• Source information:
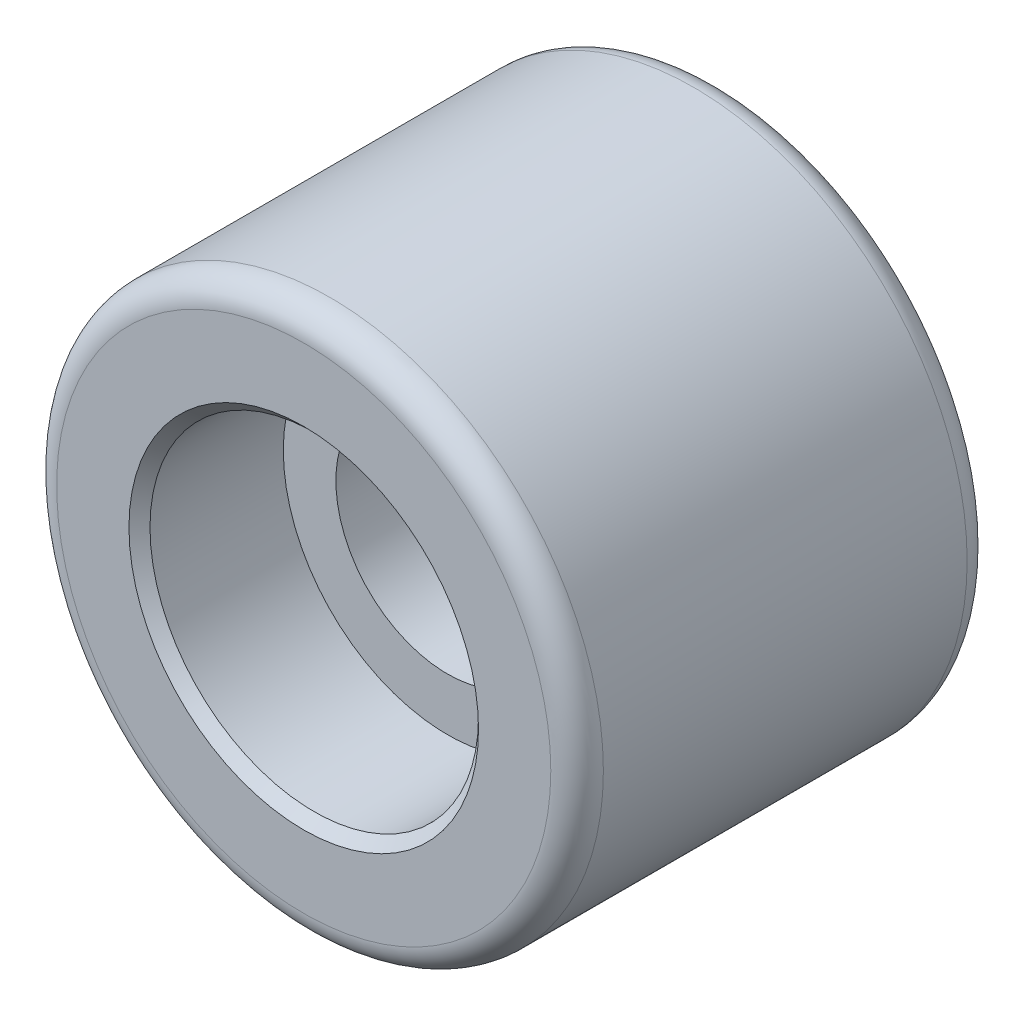
ISO-10303-21;
HEADER;
FILE_DESCRIPTION(('STEP AP214'),'2;1');
FILE_NAME('part.step','',(''),(''),'','','');
FILE_SCHEMA(('AUTOMOTIVE_DESIGN { 1 0 10303 214 1 1 1 1 }'));
ENDSEC;
DATA;
#1=APPLICATION_CONTEXT('core data for automotive mechanical design processes');
#2=APPLICATION_PROTOCOL_DEFINITION('international standard','automotive_design',2000,#1);
#3=PRODUCT_CONTEXT('',#1,'mechanical');
#4=PRODUCT('Part','Part','',(#3));
#5=PRODUCT_RELATED_PRODUCT_CATEGORY('part','',(#4));
#6=PRODUCT_DEFINITION_FORMATION('','',#4);
#7=PRODUCT_DEFINITION_CONTEXT('part definition',#1,'design');
#8=PRODUCT_DEFINITION('design','',#6,#7);
#9=PRODUCT_DEFINITION_SHAPE('','',#8);
#10=(LENGTH_UNIT() NAMED_UNIT(*) SI_UNIT(.MILLI.,.METRE.));
#11=(NAMED_UNIT(*) PLANE_ANGLE_UNIT() SI_UNIT($,.RADIAN.));
#12=(NAMED_UNIT(*) SI_UNIT($,.STERADIAN.) SOLID_ANGLE_UNIT());
#13=UNCERTAINTY_MEASURE_WITH_UNIT(LENGTH_MEASURE(1.E-05),#10,'distance_accuracy_value','');
#14=(GEOMETRIC_REPRESENTATION_CONTEXT(3) GLOBAL_UNCERTAINTY_ASSIGNED_CONTEXT((#13)) GLOBAL_UNIT_ASSIGNED_CONTEXT((#10,
#11,#12)) REPRESENTATION_CONTEXT('',''));
#15=CARTESIAN_POINT('',(0.,0.,0.));
#16=DIRECTION('',(0.,0.,1.));
#17=DIRECTION('',(1.,0.,0.));
#18=AXIS2_PLACEMENT_3D('',#15,#16,#17);
#19=CARTESIAN_POINT('',(-66.4148567119241,-15.9297626799818,25.146));
#20=DIRECTION('',(0.,0.,1.));
#21=DIRECTION('',(1.,0.,0.));
#22=AXIS2_PLACEMENT_3D('',#19,#20,#21);
#23=PLANE('',#22);
#24=CARTESIAN_POINT('',(-66.4148567119241,-15.9297626799818,25.146));
#25=DIRECTION('',(0.,0.,1.));
#26=DIRECTION('',(1.,0.,0.));
#27=AXIS2_PLACEMENT_3D('',#24,#25,#26);
#28=CIRCLE('',#27,10.55624);
#29=CARTESIAN_POINT('',(-55.8586167119241,-15.9297626799818,25.146));
#30=VERTEX_POINT('',#29);
#31=EDGE_CURVE('E63',#30,#30,#28,.T.);
#32=ORIENTED_EDGE('',*,*,#31,.F.);
#33=EDGE_LOOP('',(#32));
#34=FACE_BOUND('',#33,.T.);
#35=CARTESIAN_POINT('',(-66.4148567119241,-15.9297626799818,25.146));
#36=DIRECTION('',(0.,0.,1.));
#37=DIRECTION('',(1.,0.,0.));
#38=AXIS2_PLACEMENT_3D('',#35,#36,#37);
#39=CIRCLE('',#38,14.9225);
#40=CARTESIAN_POINT('',(-51.4923567119241,-15.9297626799818,25.146));
#41=VERTEX_POINT('',#40);
#42=EDGE_CURVE('E10',#41,#41,#39,.T.);
#43=ORIENTED_EDGE('',*,*,#42,.T.);
#44=EDGE_LOOP('',(#43));
#45=FACE_BOUND('',#44,.T.);
#46=ADVANCED_FACE('F31',(#34,#45),#23,.T.);
#47=CARTESIAN_POINT('',(-66.4148567119241,-15.9297626799818,0.));
#48=DIRECTION('',(0.,0.,1.));
#49=DIRECTION('',(1.,0.,0.));
#50=AXIS2_PLACEMENT_3D('',#47,#48,#49);
#51=PLANE('',#50);
#52=CARTESIAN_POINT('',(-66.4148567119241,-15.9297626799818,0.));
#53=DIRECTION('',(0.,0.,1.));
#54=DIRECTION('',(1.,0.,0.));
#55=AXIS2_PLACEMENT_3D('',#52,#53,#54);
#56=CIRCLE('',#55,6.74624);
#57=CARTESIAN_POINT('',(-59.6686167119241,-15.9297626799818,0.));
#58=VERTEX_POINT('',#57);
#59=EDGE_CURVE('E51',#58,#58,#56,.T.);
#60=ORIENTED_EDGE('',*,*,#59,.T.);
#61=EDGE_LOOP('',(#60));
#62=FACE_BOUND('',#61,.T.);
#63=CARTESIAN_POINT('',(-66.4148567119241,-15.9297626799818,0.));
#64=DIRECTION('',(0.,0.,1.));
#65=DIRECTION('',(1.,0.,0.));
#66=AXIS2_PLACEMENT_3D('',#63,#64,#65);
#67=CIRCLE('',#66,14.9225);
#68=CARTESIAN_POINT('',(-51.4923567119241,-15.9297626799818,0.));
#69=VERTEX_POINT('',#68);
#70=EDGE_CURVE('E38',#69,#69,#67,.F.);
#71=ORIENTED_EDGE('',*,*,#70,.T.);
#72=EDGE_LOOP('',(#71));
#73=FACE_BOUND('',#72,.T.);
#74=ADVANCED_FACE('F70',(#62,#73),#51,.F.);
#75=CARTESIAN_POINT('',(-66.4148567119241,-15.9297626799818,25.146));
#76=DIRECTION('',(0.,0.,-1.));
#77=DIRECTION('',(-1.,0.,0.));
#78=AXIS2_PLACEMENT_3D('',#75,#76,#77);
#79=CYLINDRICAL_SURFACE('',#78,16.51);
#80=CARTESIAN_POINT('',(-66.4148567119241,-15.9297626799818,1.5875));
#81=DIRECTION('',(0.,0.,1.));
#82=DIRECTION('',(1.,0.,0.));
#83=AXIS2_PLACEMENT_3D('',#80,#81,#82);
#84=CIRCLE('',#83,16.51);
#85=CARTESIAN_POINT('',(-49.9048567119241,-15.9297626799818,1.5875));
#86=VERTEX_POINT('',#85);
#87=EDGE_CURVE('E42',#86,#86,#84,.T.);
#88=ORIENTED_EDGE('',*,*,#87,.T.);
#89=EDGE_LOOP('',(#88));
#90=FACE_BOUND('',#89,.T.);
#91=CARTESIAN_POINT('',(-66.4148567119241,-15.9297626799818,23.5585));
#92=DIRECTION('',(0.,0.,1.));
#93=DIRECTION('',(1.,0.,0.));
#94=AXIS2_PLACEMENT_3D('',#91,#92,#93);
#95=CIRCLE('',#94,16.51);
#96=CARTESIAN_POINT('',(-49.9048567119241,-15.9297626799818,23.5585));
#97=VERTEX_POINT('',#96);
#98=EDGE_CURVE('E46',#97,#97,#95,.F.);
#99=ORIENTED_EDGE('',*,*,#98,.T.);
#100=EDGE_LOOP('',(#99));
#101=FACE_BOUND('',#100,.T.);
#102=ADVANCED_FACE('F75',(#90,#101),#79,.T.);
#103=CARTESIAN_POINT('',(-66.4148567119241,-15.9297626799818,1.5875));
#104=DIRECTION('',(0.,0.,1.));
#105=DIRECTION('',(1.,0.,0.));
#106=AXIS2_PLACEMENT_3D('',#103,#104,#105);
#107=TOROIDAL_SURFACE('',#106,14.9225,1.5875);
#108=ORIENTED_EDGE('',*,*,#70,.F.);
#109=EDGE_LOOP('',(#108));
#110=FACE_BOUND('',#109,.T.);
#111=ORIENTED_EDGE('',*,*,#87,.F.);
#112=EDGE_LOOP('',(#111));
#113=FACE_BOUND('',#112,.T.);
#114=ADVANCED_FACE('F83',(#110,#113),#107,.T.);
#115=CARTESIAN_POINT('',(-66.4148567119241,-15.9297626799818,23.5585));
#116=DIRECTION('',(0.,0.,1.));
#117=DIRECTION('',(1.,0.,0.));
#118=AXIS2_PLACEMENT_3D('',#115,#116,#117);
#119=TOROIDAL_SURFACE('',#118,14.9225,1.5875);
#120=ORIENTED_EDGE('',*,*,#98,.F.);
#121=EDGE_LOOP('',(#120));
#122=FACE_BOUND('',#121,.T.);
#123=ORIENTED_EDGE('',*,*,#42,.F.);
#124=EDGE_LOOP('',(#123));
#125=FACE_BOUND('',#124,.T.);
#126=ADVANCED_FACE('F33',(#122,#125),#119,.T.);
#127=CARTESIAN_POINT('',(-66.4148567119241,-15.9297626799818,25.146));
#128=DIRECTION('',(0.,0.,1.));
#129=DIRECTION('',(1.,0.,0.));
#130=AXIS2_PLACEMENT_3D('',#127,#128,#129);
#131=CYLINDRICAL_SURFACE('',#130,6.74624);
#132=ORIENTED_EDGE('',*,*,#59,.F.);
#133=EDGE_LOOP('',(#132));
#134=FACE_BOUND('',#133,.T.);
#135=CARTESIAN_POINT('',(-66.4148567119241,-15.9297626799818,16.4592));
#136=DIRECTION('',(0.,0.,1.));
#137=DIRECTION('',(1.,0.,0.));
#138=AXIS2_PLACEMENT_3D('',#135,#136,#137);
#139=CIRCLE('',#138,6.74624);
#140=CARTESIAN_POINT('',(-59.6686167119241,-15.9297626799818,16.4592));
#141=VERTEX_POINT('',#140);
#142=EDGE_CURVE('E54',#141,#141,#139,.T.);
#143=ORIENTED_EDGE('',*,*,#142,.T.);
#144=EDGE_LOOP('',(#143));
#145=FACE_BOUND('',#144,.T.);
#146=ADVANCED_FACE('F79',(#134,#145),#131,.F.);
#147=CARTESIAN_POINT('',(-56.4936167119241,-15.9297626799818,16.4592));
#148=DIRECTION('',(0.,0.,-1.));
#149=DIRECTION('',(-1.,0.,0.));
#150=AXIS2_PLACEMENT_3D('',#147,#148,#149);
#151=PLANE('',#150);
#152=ORIENTED_EDGE('',*,*,#142,.F.);
#153=EDGE_LOOP('',(#152));
#154=FACE_BOUND('',#153,.T.);
#155=CARTESIAN_POINT('',(-66.4148567119241,-15.9297626799818,16.4592));
#156=DIRECTION('',(0.,0.,1.));
#157=DIRECTION('',(1.,0.,0.));
#158=AXIS2_PLACEMENT_3D('',#155,#156,#157);
#159=CIRCLE('',#158,9.92124);
#160=CARTESIAN_POINT('',(-56.4936167119241,-15.9297626799818,16.4592));
#161=VERTEX_POINT('',#160);
#162=EDGE_CURVE('E57',#161,#161,#159,.T.);
#163=ORIENTED_EDGE('',*,*,#162,.T.);
#164=EDGE_LOOP('',(#163));
#165=FACE_BOUND('',#164,.T.);
#166=ADVANCED_FACE('F99',(#154,#165),#151,.F.);
#167=CARTESIAN_POINT('',(-66.4148567119241,-15.9297626799818,25.146));
#168=DIRECTION('',(0.,0.,1.));
#169=DIRECTION('',(1.,0.,0.));
#170=AXIS2_PLACEMENT_3D('',#167,#168,#169);
#171=CYLINDRICAL_SURFACE('',#170,9.92124);
#172=ORIENTED_EDGE('',*,*,#162,.F.);
#173=EDGE_LOOP('',(#172));
#174=FACE_BOUND('',#173,.T.);
#175=CARTESIAN_POINT('',(-66.4148567119241,-15.9297626799818,24.511));
#176=DIRECTION('',(0.,0.,1.));
#177=DIRECTION('',(1.,0.,0.));
#178=AXIS2_PLACEMENT_3D('',#175,#176,#177);
#179=CIRCLE('',#178,9.92124);
#180=CARTESIAN_POINT('',(-56.4936167119241,-15.9297626799818,24.511));
#181=VERTEX_POINT('',#180);
#182=EDGE_CURVE('E60',#181,#181,#179,.T.);
#183=ORIENTED_EDGE('',*,*,#182,.T.);
#184=EDGE_LOOP('',(#183));
#185=FACE_BOUND('',#184,.T.);
#186=ADVANCED_FACE('F104',(#174,#185),#171,.F.);
#187=CARTESIAN_POINT('',(-66.4148567119241,-15.9297626799818,25.146));
#188=DIRECTION('',(0.,0.,1.));
#189=DIRECTION('',(1.,0.,0.));
#190=AXIS2_PLACEMENT_3D('',#187,#188,#189);
#191=CONICAL_SURFACE('',#190,10.55624,0.785398163397446);
#192=ORIENTED_EDGE('',*,*,#182,.F.);
#193=EDGE_LOOP('',(#192));
#194=FACE_BOUND('',#193,.T.);
#195=ORIENTED_EDGE('',*,*,#31,.T.);
#196=EDGE_LOOP('',(#195));
#197=FACE_BOUND('',#196,.T.);
#198=ADVANCED_FACE('F67',(#194,#197),#191,.F.);
#199=CLOSED_SHELL('',(#46,#74,#102,#114,#126,#146,#166,#186,#198));
#200=MANIFOLD_SOLID_BREP('B2',#199);
#201=ADVANCED_BREP_SHAPE_REPRESENTATION('',(#18,#200),#14);
#202=SHAPE_DEFINITION_REPRESENTATION(#9,#201);
ENDSEC;
END-ISO-10303-21;

• Exercise directions:
When the line containing "#193=EDGE_LOOP('',(#192));" is found in the records above, restate it and every later line word for word through the last one, and nothing more.

• Output below:
#193=EDGE_LOOP('',(#192));
#194=FACE_BOUND('',#193,.T.);
#195=ORIENTED_EDGE('',*,*,#31,.T.);
#196=EDGE_LOOP('',(#195));
#197=FACE_BOUND('',#196,.T.);
#198=ADVANCED_FACE('F67',(#194,#197),#191,.F.);
#199=CLOSED_SHELL('',(#46,#74,#102,#114,#126,#146,#166,#186,#198));
#200=MANIFOLD_SOLID_BREP('B2',#199);
#201=ADVANCED_BREP_SHAPE_REPRESENTATION('',(#18,#200),#14);
#202=SHAPE_DEFINITION_REPRESENTATION(#9,#201);
ENDSEC;
END-ISO-10303-21;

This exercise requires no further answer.